The end of reproduction.

            But as to “earthy” symbolism, the segment hints at the subject of sex, which in fact will play an important role in the sequel. The saying in v. 512, literally that animals “put their tails under their genitals” (ouras d’ hupo mezeethento), is an analogue of Aphrodite’s statement that she “put a child under my belt” (paida d’ hupo zōnēi ethemēn) from sex with a mortal. This anti­cipates allusions to the Hymn to Aphrodite in the next segment noted by Janko. It reads:[8]

 

                        ... and (the wind’s force) sets the old man wheeling;

                        but it does not blow through the “soft-skinned maiden,”

                        she who stays inside the house with her dear (or: own) mother,

                        not yet knowing “the works of much-golden Aphrodite,”

                        and, bathing well her tender flesh and with oil richly

                        anointing it, lies down (or: is protected?) inside, in the inmost part (or: at night)

                        on a winter day.[9] ...

(518-24)

(The old man either is bowled over or is more bent than usual, as advocated by West and Ver­deni­us, respectively.) Here the poet shifts from rushing at us like the wind to a more contem­pla­tive mode which will continue in the sequel, to describe matters from the point of view of those effected by the onslaught or not. “Works of much-golden Aphrodite” are specifi­cally what the Muse is asked to expound to begin the hymn to her, and “soft-skinned maidens” are her pupils a few verses later. Thus at first sight the idea seems connoted that Boreas is unable to ravage the maiden. (One might even think the bathing and anointing keep her pure.) In principle, one could read this as opposing civilization to the wild nature which will be the allusion next.[10]

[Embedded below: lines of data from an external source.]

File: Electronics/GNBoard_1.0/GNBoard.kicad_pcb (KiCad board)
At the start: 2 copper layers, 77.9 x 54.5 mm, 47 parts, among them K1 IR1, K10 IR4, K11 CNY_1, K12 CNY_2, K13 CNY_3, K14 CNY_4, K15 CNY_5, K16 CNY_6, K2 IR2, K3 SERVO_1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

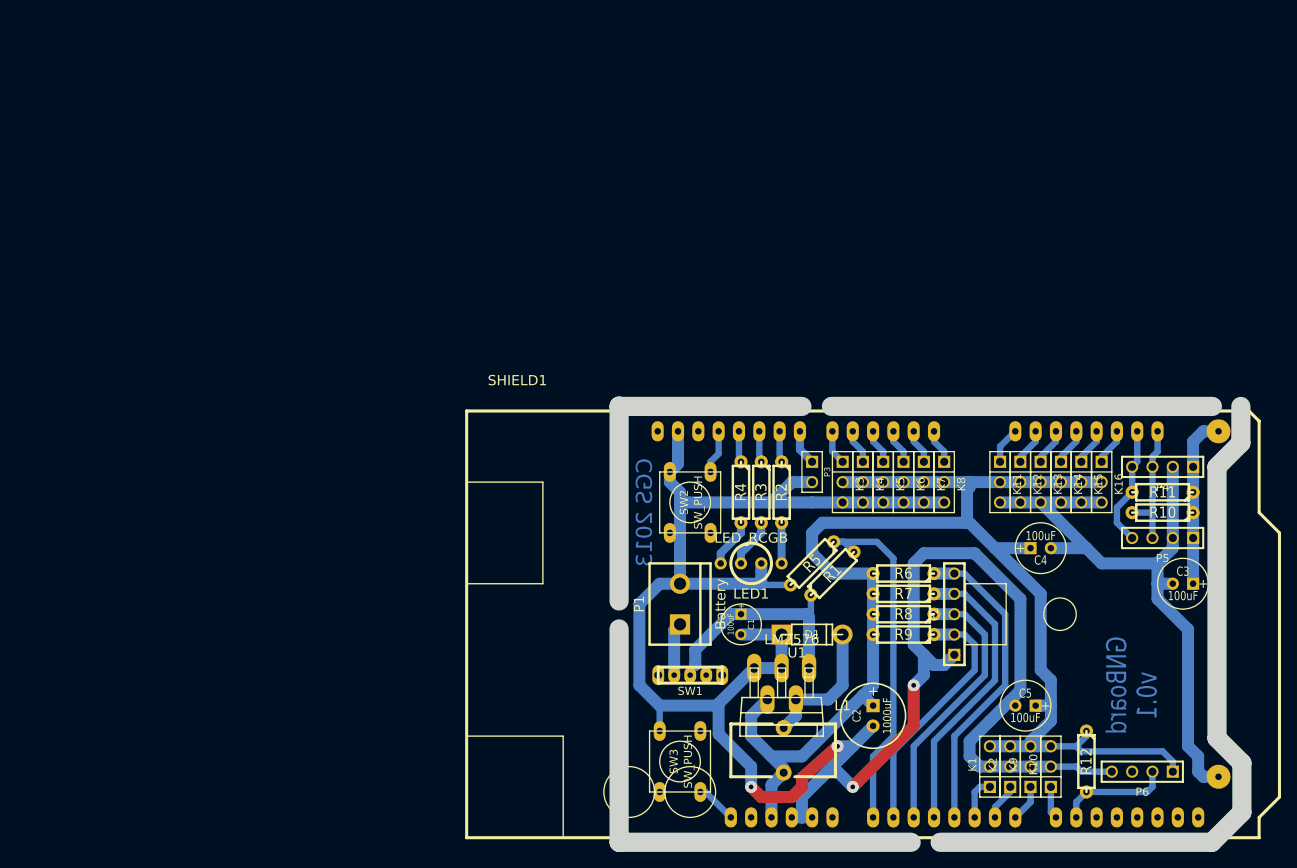
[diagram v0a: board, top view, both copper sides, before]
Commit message: Moved v0.1 to its own folder
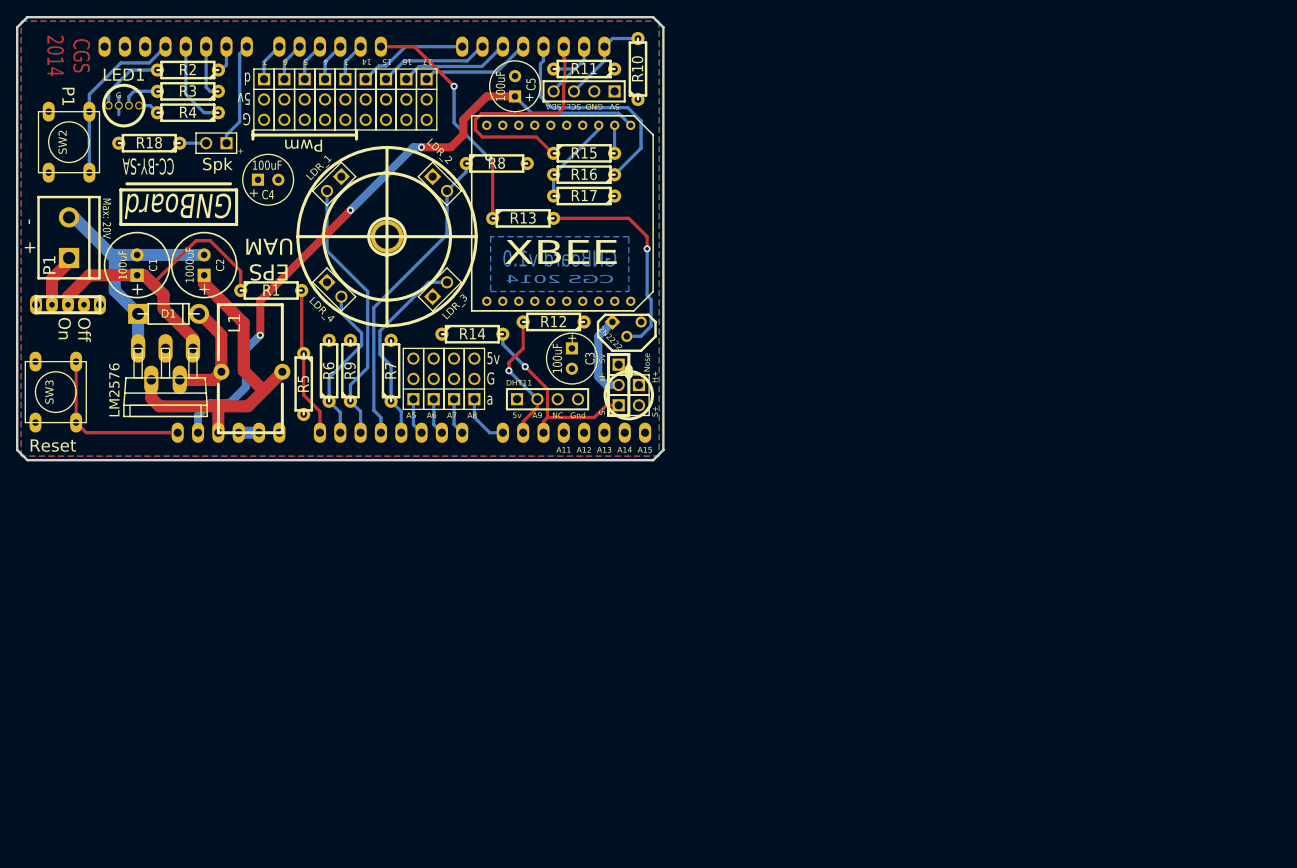
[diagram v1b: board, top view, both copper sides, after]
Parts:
- removed K15: CNY_5, PIN_ARRAY_3X1
- removed K16: CNY_6, PIN_ARRAY_3X1
- removed K8: SERVO_6, PIN_ARRAY_3X1
- added 1PIN: P***, ldr_drill, F.Cu at (96.7, 48.1)
- added M1: XBEE, xbee_r1-XBEE, F.Cu at (118.2, 45.1)
- added P10: Nose_Heater, PIN_ARRAY_2X1, F.Cu at (126.9, 66.6)
- added P11: CONN_1, PIN_ARRAY_1, F.Cu at (125.7, 64.1)
- added P7: LDR_3, PIN_ARRAY_2X1, F.Cu at (103.3, 54.7)
- added P8: LDR_4, PIN_ARRAY_2X1, F.Cu at (90.1, 54.7)
- added P9: Nose_Sense, PIN_ARRAY_2X1, F.Cu at (126.9, 69.1)
- added Q1: NPN, TO92-123, F.Cu at (126.7, 58.7)
- added R13: 10k, R3-LARGE_PADS, F.Cu at (113.7, 45.8)
- added R14: 10k, R3-LARGE_PADS, F.Cu at (107.4, 60.2)
- added R15: 4k7, R3-LARGE_PADS, F.Cu at (121.4, 37.6)
- added R16: 4k7, R3-LARGE_PADS, F.Cu at (121.4, 40.3)
- added R17: 7k5, R3-LARGE_PADS, F.Cu at (121.4, 43.0)
- added R18: 47, R3-LARGE_PADS, F.Cu at (67.0, 36.4)
- C1: footprint C1V5 -> C1V8
- L1: footprint Choke_Toroid_6,5x13mm_Vertical -> Choke_Toroid_8x16mm_Vertical
- LED1: footprint LED5_RGB_long_wide -> LED5_RGB_long
- P2: value CONN_5 -> LDR_1; footprint PIN_ARRAY_5x1 -> PIN_ARRAY_2X1
- P5: value I2C_2 -> LDR_2; footprint PIN_ARRAY_4x1 -> PIN_ARRAY_2X1
- R1: value 6k8 -> 62k
- R5: value 6k8 -> 20k
- SHIELD1: footprint ARDUINO_MEGA_SHIELD -> ARDUINO_MEGA_SHIELD_040pins_MOD
- SW1: footprint SWITCH_3Pin -> switch_power_custom
- moved C4 107.0 mm to (81.9, 40.9)
- moved C2 100.8 mm to (73.9, 51.6), turned to 90 degrees
- moved P5 100.6 mm to (103.3, 41.5), turned to 315 degrees
- moved C5 100.3 mm to (112.7, 29.3), turned to 90 degrees
- moved LED1 97.1 mm to (63.8, 31.7), turned to 0 degrees
- moved P2 94.4 mm to (90.1, 41.5), turned to 225 degrees
- moved K12 92.6 mm to (96.6, 30.9)
- moved K13 92.6 mm to (99.1, 30.9)
- moved K14 92.6 mm to (101.7, 30.9)
- moved K11 92.6 mm to (94.1, 30.9)
- moved R2 91.1 mm to (71.8, 27.2), turned to 180 degrees
- moved SW3 90.7 mm to (55.3, 67.5)
- moved SW1 90.5 mm to (56.8, 56.6)
- moved D1 89.9 mm to (69.4, 57.7)
- moved SW2 89.8 mm to (57.0, 36.2)
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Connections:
- C5 pad 1: +5V -> +3.3V
- P3 pad 2: GND -> N-0000014
- P5 pad 1: +5V -> GND
- P5 pad 2: GND -> LDR2
- P6 pad 3: N-0000082 -> (no net)
- SHIELD1 pad 13: N-0000067 -> (no net)
- SHIELD1 pad 18: CNY5 -> XB_DIN
- SHIELD1 pad 19: CNY6 -> XB_DOUT
- SHIELD1 pad 2: Servo6 -> Nose_heat
- SHIELD1 pad 3V3: N-0000040 -> +3.3V
- SHIELD1 pad AD1: LDR1 -> LDR4
- SHIELD1 pad AD10: N-0000041 -> Nose_Vout
- SHIELD1 pad AD11: N-0000039 -> (no net)
- SHIELD1 pad AD12: N-0000042 -> (no net)
- SHIELD1 pad AD13: N-0000043 -> (no net)
- SHIELD1 pad AD14: N-0000044 -> (no net)
- SHIELD1 pad AD15: N-0000045 -> (no net)
- SHIELD1 pad AD2: LDR2 -> LDR1
- SHIELD1 pad AD3: LDR3 -> LDR2
- SHIELD1 pad AD4: LDR4 -> LDR3
- SHIELD1 pad AREF: N-0000037 -> (no net)
- SHIELD1 pad V_IN: N-0000038 -> (no net)
- SW1 pad 3: N-0000046 -> (no net)
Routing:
- net GND: track 352.1 -> 36.9 mm, vias 4 -> 0
- net +5V: track 208.7 -> 41.9 mm
- net +3.3V: track 0.00 -> 80.7 mm, vias 0 -> 3
- net XB_DOUT: track 0.00 -> 31.7 mm
- net Nose_heat: track 0.00 -> 29.7 mm, vias 0 -> 2
- net XB_DIN: track 0.00 -> 28.3 mm
- net N-0000037: track 0.00 -> 27.6 mm, vias 0 -> 1
- net BattVolt: track 44.8 -> 18.7 mm
- net Nose_Vout: track 0.00 -> 24.4 mm, vias 0 -> 1
- net LDR4: track 39.0 -> 20.3 mm
- net Button1: track 5.50 -> 21.8 mm
- net ResetB: track 5.13 -> 20.8 mm
- net LDR3: track 36.5 -> 24.7 mm
- net +BATT: track 28.9 -> 40.5 mm
- net N-0000027: track 0.00 -> 11.2 mm
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- added copper zone on F.Cu, net +5V
- added copper zone on B.Cu, net GND
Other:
- board size 77.9 x 54.5 mm -> 80.8 x 55.4 mm
- net class Default: clearance 0.4 -> 0.3; trace_width 0.8 -> 0.4; via_dia 1.5 -> 0.889; via_drill 0.6 -> 0.508
- rule trace_clearance: 0.4 -> 0.3
- board text added: "+"
- board text added: "- +"
- board text added: "14"
- board text added: "15"
- board text added: "16"
- board text added: "17"
- board text added: "2N2222"
- board text added: "3"
- board text added: "4"
- board text added: "5"
- board text added: "5V"
- board text added: "5v"
- board text added: "6"
- board text added: "7"
- board text added: "A11"
- board text added: "A12"
- board text added: "A13"
- board text added: "A14"
- board text added: "A15"
- board text added: "A5"
- board text added: "A6"
- board text added: "A7"
- board text added: "A8"
- board text added: "A9"
- board text added: "CC-BY-SA"
- board text added: "CGS 2014"
- board text added: "DHT11"
- board text added: "EPS UAM"
- board text added: "G"
- board text added: "GNBoard v1.0"
- board text added: "GND"
- board text added: "Gnd"
- board text added: "H+"
- board text added: "H-"
- board text added: "Max: 20V"
- board text added: "NC"
- board text added: "Nose"
- board text added: "Off On"
- board text added: "P1"
- board text added: "Pwm"
- board text added: "Reset"
- board text added: "S+"
- board text added: "S-"
- board text added: "SCL"
- board text added: "SDA"
- board text added: "a"
- board text added: "d"
- board text removed: "CGS 2013"
- board text removed: "v0.1"

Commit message: Updated gerber files
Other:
- board text added: "http://carlosgs.es"
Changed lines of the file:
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@@
     (area 19.732134 20.474799 134.27865 76.146801)
     (thickness 1.6)
-    (drawings 83)
+    (drawings 84)
     (tracks 240)
     (zones 0)
@@
     (pcbplotparams
       (layerselection 284196865)
-      (usegerberextensions false)
+      (usegerberextensions true)
       (excludeedgelayer true)
       (linewidth 0.100000)
@@
     )
   )
+  (gr_text http://carlosgs.es (at 70.8152 44.7548) (layer B.SilkS)
+    (effects (font (size 2.032 1.524) (thickness 0.3048)) (justify mirror))
+  )
   (gr_text CC-BY-SA (at 66.9036 39.2176 180) (layer F.SilkS)

            However, one can suspect that that view unduly imports a modern idea of the benefits of qualities like virginity. In contrast, Ballabriga sees the maiden’s inactivity as of a piece with the idler featured as a negative example in vv. 493-503. (The possibility of “is protected” rather than “lies down” in 523 would undermine this interpretation, but not by much.) Similarly, Marsilio notes verbal parallels with Expectation left in the jar at 96-8 and with the first woman of the Theo­gony who is “inside” doing nothing, so that our maiden is another of Hesiod’s lazy women.[11]

            As to that, I agree that the maiden is negative, but propose that she is, rather, a principle of barrenness, evoked as if a defining characteristic of the “winter day” (i.e., of the season). One can add to Marsilio's parallel with Expectation what we learned only some two dozen lines back (v. 498): the latter is “empty.” Nor is our principle entirely inactive: She bathes and anoints herself. This suggests a certain autonomy, since in epic females normally bathe and anoint males; indeed, the closest verbal parallel is to the toilette of another exception, (the headstrong) Nausi­caa and her maids bathing themselves just before their encounter with Odysseus. In any case, neither Bore­as nor any other male principle can penetrate our maiden. Although “with her moth­er” perhaps recalls the long time of the silver race child “with his mother,” and more certainly, the wedding gift to Telemachus to be kept “with his dear/own mother” until he married (so Hays), one should resist the idea that our principle is innocent (e.g., Hamilton). Although she is youn­g­­er than the old man of 518, her citation complements the end of procreation his age implies.[12]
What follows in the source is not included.